この問題を評価する際には、次の点を考慮する必要があります。

  • システム全体がオーバーサブスクリプションの状態である可能性があります。システム上の他のプロセスがスレッドを先取りしている可能性があることを考慮してください。スレッド ビューでプリエンプション セグメントの上にマウスを置くと、そのスレッドと、そのスレッドを先取りしたプロセスを識別するツールヒントが表示されます。このプロセスが、自分のプロセスが先取りされた時間中に実行されていたプロセスであるとは限りませんが、自分のプロセスに対する先取りのプレッシャーの原因についてのヒントになります。

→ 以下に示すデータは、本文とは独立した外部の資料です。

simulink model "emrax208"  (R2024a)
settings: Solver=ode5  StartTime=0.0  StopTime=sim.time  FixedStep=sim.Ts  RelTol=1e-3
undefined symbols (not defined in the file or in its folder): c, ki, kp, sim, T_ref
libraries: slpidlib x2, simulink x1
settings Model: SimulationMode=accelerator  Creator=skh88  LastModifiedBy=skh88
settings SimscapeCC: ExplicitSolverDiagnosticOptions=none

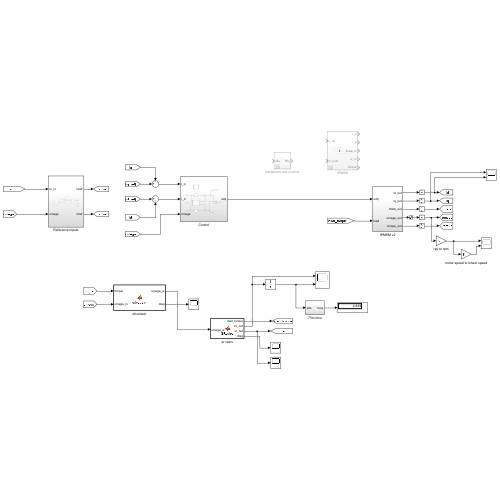
[thumbnail: Simulink's stored preview of the top-level diagram]
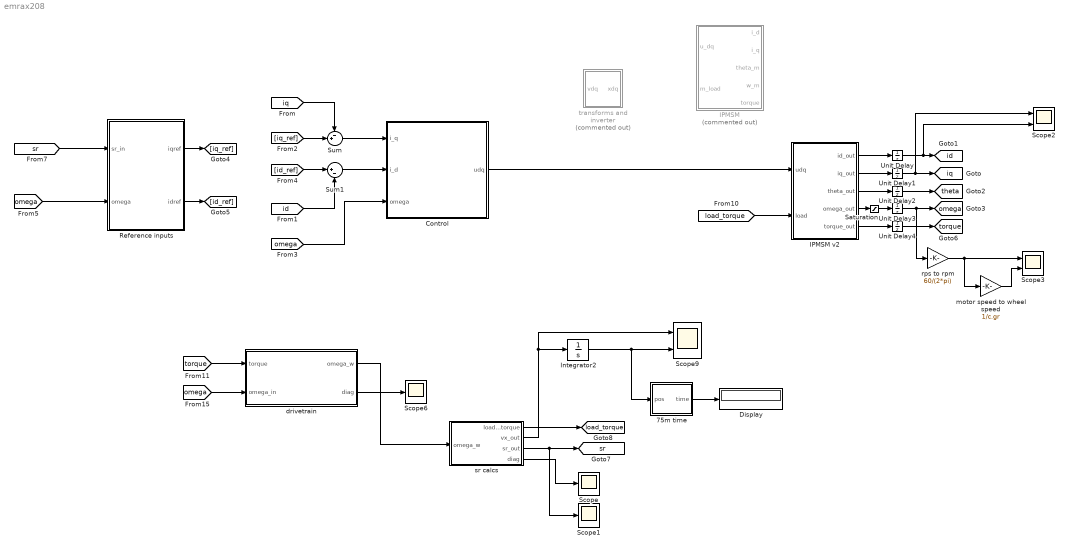
== system emrax208 ==
  75m time : Subsystem
  Control : Subsystem
  Display : Display
  IPMSM : Subsystem  Commented=on
  IPMSM v2 : Subsystem
  Integrator2 : Integrator
  Reference inputs : Subsystem
  Saturation : Saturate  UpperLimit=c.max_rpm  LowerLimit=0
  Scope : Scope
  Scope1 : Scope
  Scope2 : Scope  NumInputPorts=2
  Scope3 : Scope  NumInputPorts=2
  Scope6 : Scope
  Scope9 : Scope  NumInputPorts=2
  Sum : Sum  Inputs=-+|
  Sum1 : Sum  Inputs=|+-
  Unit Delay{,1..4} (5 alike) : UnitDelay  SampleTime=-1  HasFrameUpgradeWarning=on
  drivetrain : MATLAB Function  TreatAsAtomicUnit=on
  motor speed to wheel speed : Gain  Gain=1/c.gr
  rps to rpm : Gain  Gain=60/(2*pi)
  sr calcs : MATLAB Function  TreatAsAtomicUnit=on
  transforms and inverter : Subsystem  Commented=on
  tag scope: id=global, iq=global, load_torque=global, omega=global, sr=global, theta=global, torque=global
  wires:
  [iq] -> Sum/1
  [id] -> Sum1/2
  Reference inputs/1(iqref) -> [iq_ref]
  Reference inputs/2(idref) -> [id_ref]
  [iq_ref] -> Sum/2
  [id_ref] -> Sum1/1
  rps to rpm/1 -> Scope3/1, motor speed to wheel speed/1
  motor speed to wheel speed/1 -> Scope3/2
  Sum/1 -> Control/1(i_q)
  Sum1/1 -> Control/2(i_d)
  [omega] -> Control/3(omega)
  Unit Delay/1 -> Scope2/2, [id]
  Unit Delay1/1 -> Scope2/1, [iq]
  Unit Delay4/1 -> [torque]
  Unit Delay2/1 -> [theta]
  Unit Delay3/1 -> [omega], rps to rpm/1
  IPMSM v2/3(theta_out) -> Unit Delay2/1
  IPMSM v2/2(iq_out) -> Unit Delay1/1
  IPMSM v2/1(id_out) -> Unit Delay/1
  IPMSM v2/4(omega_out) -> Saturation/1
  IPMSM v2/5(torque_out) -> Unit Delay4/1
  Saturation/1 -> Unit Delay3/1
  [load_torque] -> IPMSM v2/2(load)
  sr calcs/2(vx_out) -> Integrator2/1, Scope9/1
  drivetrain/2(diag) -> Scope6/1
  Integrator2/1 -> 75m time/1(pos), Scope9/2
  sr calcs/4(diag) -> Scope/1
  drivetrain/1(omega_w) -> sr calcs/1(omega_w)
  75m time/1(time) -> Display/1
  [omega] -> drivetrain/2(omega_in)
  sr calcs/1(load_torque) -> [load_torque]
  sr calcs/3(sr_out) -> Scope1/1, [sr]
  [torque] -> drivetrain/1(torque)
  [sr] -> Reference inputs/1(sr_in)
  [omega] -> Reference inputs/2(omega)
  Control/1(udq) -> IPMSM v2/1(udq)

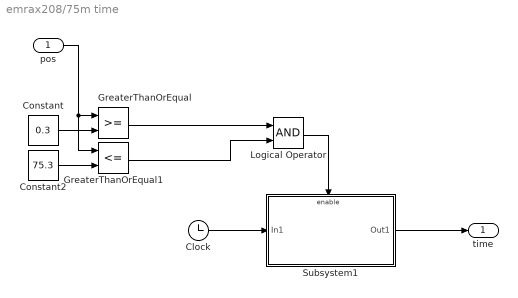
== system emrax208/75m time ==
  pos : Inport
  Clock : Clock
  Constant : Constant  Value=0.3
  Constant2 : Constant  Value=75.3
  GreaterThanOrEqual : RelationalOperator  OutDataTypeStr=boolean  RndMeth=Simplest  InputSameDT=off
  GreaterThanOrEqual1 : RelationalOperator  Operator=<=  OutDataTypeStr=boolean  RndMeth=Simplest  InputSameDT=off
  Logical Operator : Logic  AllPortsSameDT=off  OutDataTypeStr=boolean
  Subsystem1 : Subsystem
  time : Outport
  wires:
  Constant/1 -> GreaterThanOrEqual/2
  Logical Operator/1 -> Subsystem1/Enable
  GreaterThanOrEqual1/1 -> Logical Operator/2
  Clock/1 -> Subsystem1/1(In1)
  Constant2/1 -> GreaterThanOrEqual1/2
  Subsystem1/1(Out1) -> time/1
  GreaterThanOrEqual/1 -> Logical Operator/1
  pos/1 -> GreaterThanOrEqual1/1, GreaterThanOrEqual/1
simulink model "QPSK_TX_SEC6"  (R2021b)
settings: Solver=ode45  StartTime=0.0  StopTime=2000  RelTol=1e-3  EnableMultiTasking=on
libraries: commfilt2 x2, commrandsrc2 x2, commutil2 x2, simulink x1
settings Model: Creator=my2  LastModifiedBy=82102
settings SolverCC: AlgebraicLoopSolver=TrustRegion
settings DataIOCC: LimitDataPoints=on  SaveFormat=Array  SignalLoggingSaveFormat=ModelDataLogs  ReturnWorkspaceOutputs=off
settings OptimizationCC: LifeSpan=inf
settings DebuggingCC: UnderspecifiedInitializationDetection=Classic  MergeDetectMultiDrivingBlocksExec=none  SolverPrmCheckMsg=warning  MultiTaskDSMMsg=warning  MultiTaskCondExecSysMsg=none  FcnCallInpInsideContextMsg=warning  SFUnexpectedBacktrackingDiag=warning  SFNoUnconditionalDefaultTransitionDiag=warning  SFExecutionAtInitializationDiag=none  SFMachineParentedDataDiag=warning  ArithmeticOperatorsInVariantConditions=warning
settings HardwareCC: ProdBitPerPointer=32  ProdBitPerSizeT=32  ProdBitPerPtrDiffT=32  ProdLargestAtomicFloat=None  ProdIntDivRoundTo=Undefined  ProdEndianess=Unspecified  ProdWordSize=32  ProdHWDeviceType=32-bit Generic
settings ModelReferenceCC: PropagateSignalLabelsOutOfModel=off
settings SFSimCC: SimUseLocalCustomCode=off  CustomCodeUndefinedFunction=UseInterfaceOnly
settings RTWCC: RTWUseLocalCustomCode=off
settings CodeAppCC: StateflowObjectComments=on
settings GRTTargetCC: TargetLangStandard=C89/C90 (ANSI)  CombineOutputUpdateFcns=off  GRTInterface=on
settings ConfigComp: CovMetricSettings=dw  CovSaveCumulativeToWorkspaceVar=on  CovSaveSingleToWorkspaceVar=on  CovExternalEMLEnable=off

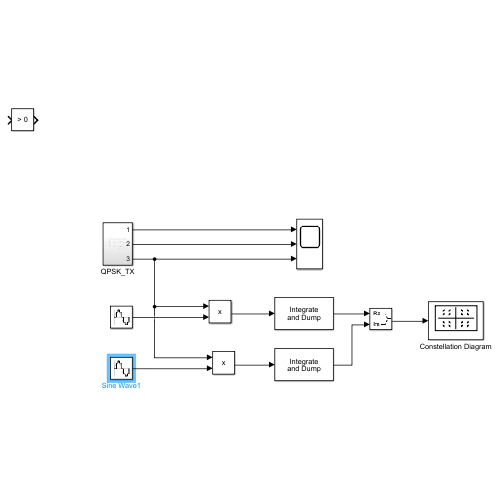
[thumbnail: Simulink's stored preview of the top-level diagram]
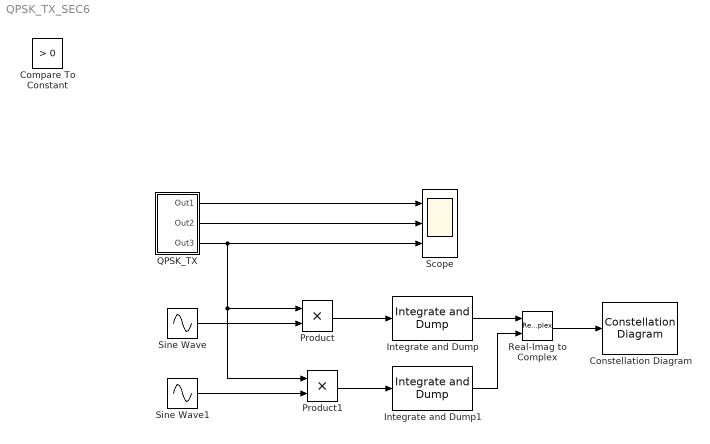
== system QPSK_TX_SEC6 ==
  Compare To Constant : simulink/Logic and Bit Operations/Compare To Constant  relop=>  const=0  OutDataTypeStr=boolean
  Constellation Diagram : ConstellationDiagram  Tag=ScatterPlot
  Integrate and Dump : commfilt2/Integrate and Dump  obssamples=256  offsetsamples=0  nodump=off  roundingMode=Floor  overflowMode=off  outputDataTypeStr=Inherit: Same as accumulator  outputLastDataTypeStr=Inherit: Same as accumulator
  Integrate and Dump1 : commfilt2/Integrate and Dump  obssamples=256  offsetsamples=0  nodump=off  roundingMode=Floor  overflowMode=off  outputDataTypeStr=Inherit: Same as accumulator  outputLastDataTypeStr=Inherit: Same as accumulator
  Product : Product
  Product1 : Product
  QPSK_TX : Subsystem
  Real-Imag to Complex : RealImagToComplex
  Scope : Scope  NumInputPorts=3
  Sine Wave : Sin  Amplitude=sqrt(2)  Frequency=60*pi  Phase=pi/2+pi/3  SampleTime=3.90625e-3
  Sine Wave1 : Sin  Amplitude=sqrt(2)  Frequency=60*pi  Phase=pi/3  SampleTime=3.90625e-3
  wires:
  QPSK_TX/3(Out3) -> Product1/1, Product/1, Scope/3
  Sine Wave/1 -> Product/2
  Product/1 -> Integrate and Dump/1
  Sine Wave1/1 -> Product1/2
  Product1/1 -> Integrate and Dump1/1
  QPSK_TX/1(Out1) -> Scope/1
  QPSK_TX/2(Out2) -> Scope/2
  Integrate and Dump/1 -> Real-Imag to Complex/1
  Integrate and Dump1/1 -> Real-Imag to Complex/2
  Real-Imag to Complex/1 -> Constellation Diagram/1

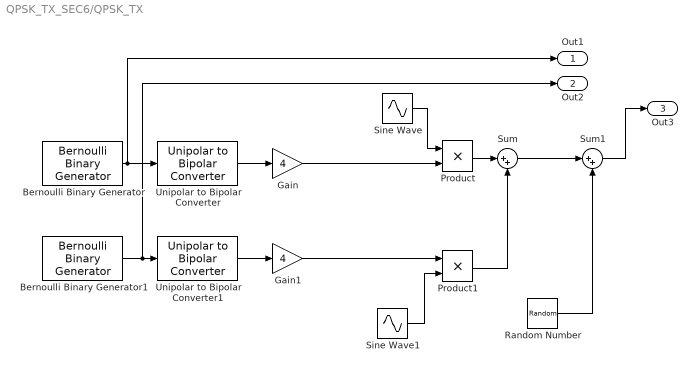
== system QPSK_TX_SEC6/QPSK_TX ==
  Bernoulli Binary Generator : commrandsrc2/Bernoulli Binary Generator  P=0.5  seed=25  Ts=1  frameBased=off  sampPerFrame=1  orient=off  outDataType=boolean
      settings: SourceProductBaseCode=CM
  Bernoulli Binary Generator1 : commrandsrc2/Bernoulli Binary Generator  P=0.5  seed=61  Ts=1  frameBased=off  sampPerFrame=1  orient=off  outDataType=boolean
      settings: SourceProductBaseCode=CM
  Gain : Gain  Gain=4
  Gain1 : Gain  Gain=4
  Product : Product
  Product1 : Product
  Random Number : RandomNumber  Variance=0  Seed=41  SampleTime=1/256  VectorParams1D=off
  Sine Wave : Sin  Amplitude=sqrt(2)  Frequency=60*pi  Phase=pi/2  SampleTime=3.90625e-3
  Sine Wave1 : Sin  Amplitude=sqrt(2)  Frequency=60*pi  SampleTime=3.90625e-3
  Sum : Sum  Inputs=|++
  Sum1 : Sum  Inputs=|++
  Unipolar to Bipolar Converter : commutil2/Unipolar to Bipolar Converter  M=2  polarity=Positive  dataType=Inherit via internal rule
  Unipolar to Bipolar Converter1 : commutil2/Unipolar to Bipolar Converter  M=2  polarity=Positive  dataType=Inherit via internal rule
  Out1 : Outport
  Out2 : Outport  Port=2
  Out3 : Outport  Port=3
  wires:
  Unipolar to Bipolar Converter1/1 -> Gain1/1
  Sine Wave/1 -> Product/1
  Product1/1 -> Sum/2
  Bernoulli Binary Generator/1 -> Out1/1, Unipolar to Bipolar Converter/1
  Gain1/1 -> Product1/1
  Unipolar to Bipolar Converter/1 -> Gain/1
  Sine Wave1/1 -> Product1/2
  Bernoulli Binary Generator1/1 -> Out2/1, Unipolar to Bipolar Converter1/1
  Product/1 -> Sum/1
  Gain/1 -> Product/2
  Random Number/1 -> Sum1/2
  Sum/1 -> Sum1/1
  Sum1/1 -> Out3/1

  • 自分のプロセスが作業フェーズ中に実行するのに適したスレッド数を判断する方法を評価します。そのプロセスがアクティブな並行スレッドの数を直接計算する場合は、システム上で使用可能な論理コアの数により適合するように、そのアルゴリズムを変更することを検討してください。同時実行ランタイム、タスク並列ライブラリ、または PLINQ を使用する場合、これらライブラリがスレッド数を計算します。

非効率的な I/O

非効率的な I/O

I/O の過剰使用や誤使用は、アプリケーションの非効率性の一般的な原因となります。前の図に示される内容を検討してください。表示されているタイムライン プロファイルには、表示されているスレッド時間の 42% が I/O で消費されていることが示されています。このタイムラインには大量の I/O が示されています。これは、プロファイルされたアプリケーションが I/O によって頻繁にブロックされていることを意味します。I/O の種類の詳細や、どこでプログラムがブロックされているのかを確認するには、問題が発生している領域を拡大し、表示されているタイムライン プロファイルを調べてから、特定の I/O ブロックをクリックして現在の呼び出し履歴を表示します。

ロック コンボイ

ロック コンボイ

アプリケーションが先入れ先出しの順序でロックを要求し、ロックでの到着率が取得率を上回った場合に、ロック コンボイが発生します。この 2 つの状況が揃ったときに、ロック要求がバックアップを開始します。この問題を解決する方法の 1 つは、最初のスレッドにアクセスを許可して、ロック解除状態でそれらを見つけるという、"不公平な" ロックを使用することです。前の図は、このコンボイ動作を示しています。問題を解決するためには、同期オブジェクトの競合の削減と、不公平なロックの使用を試みてください。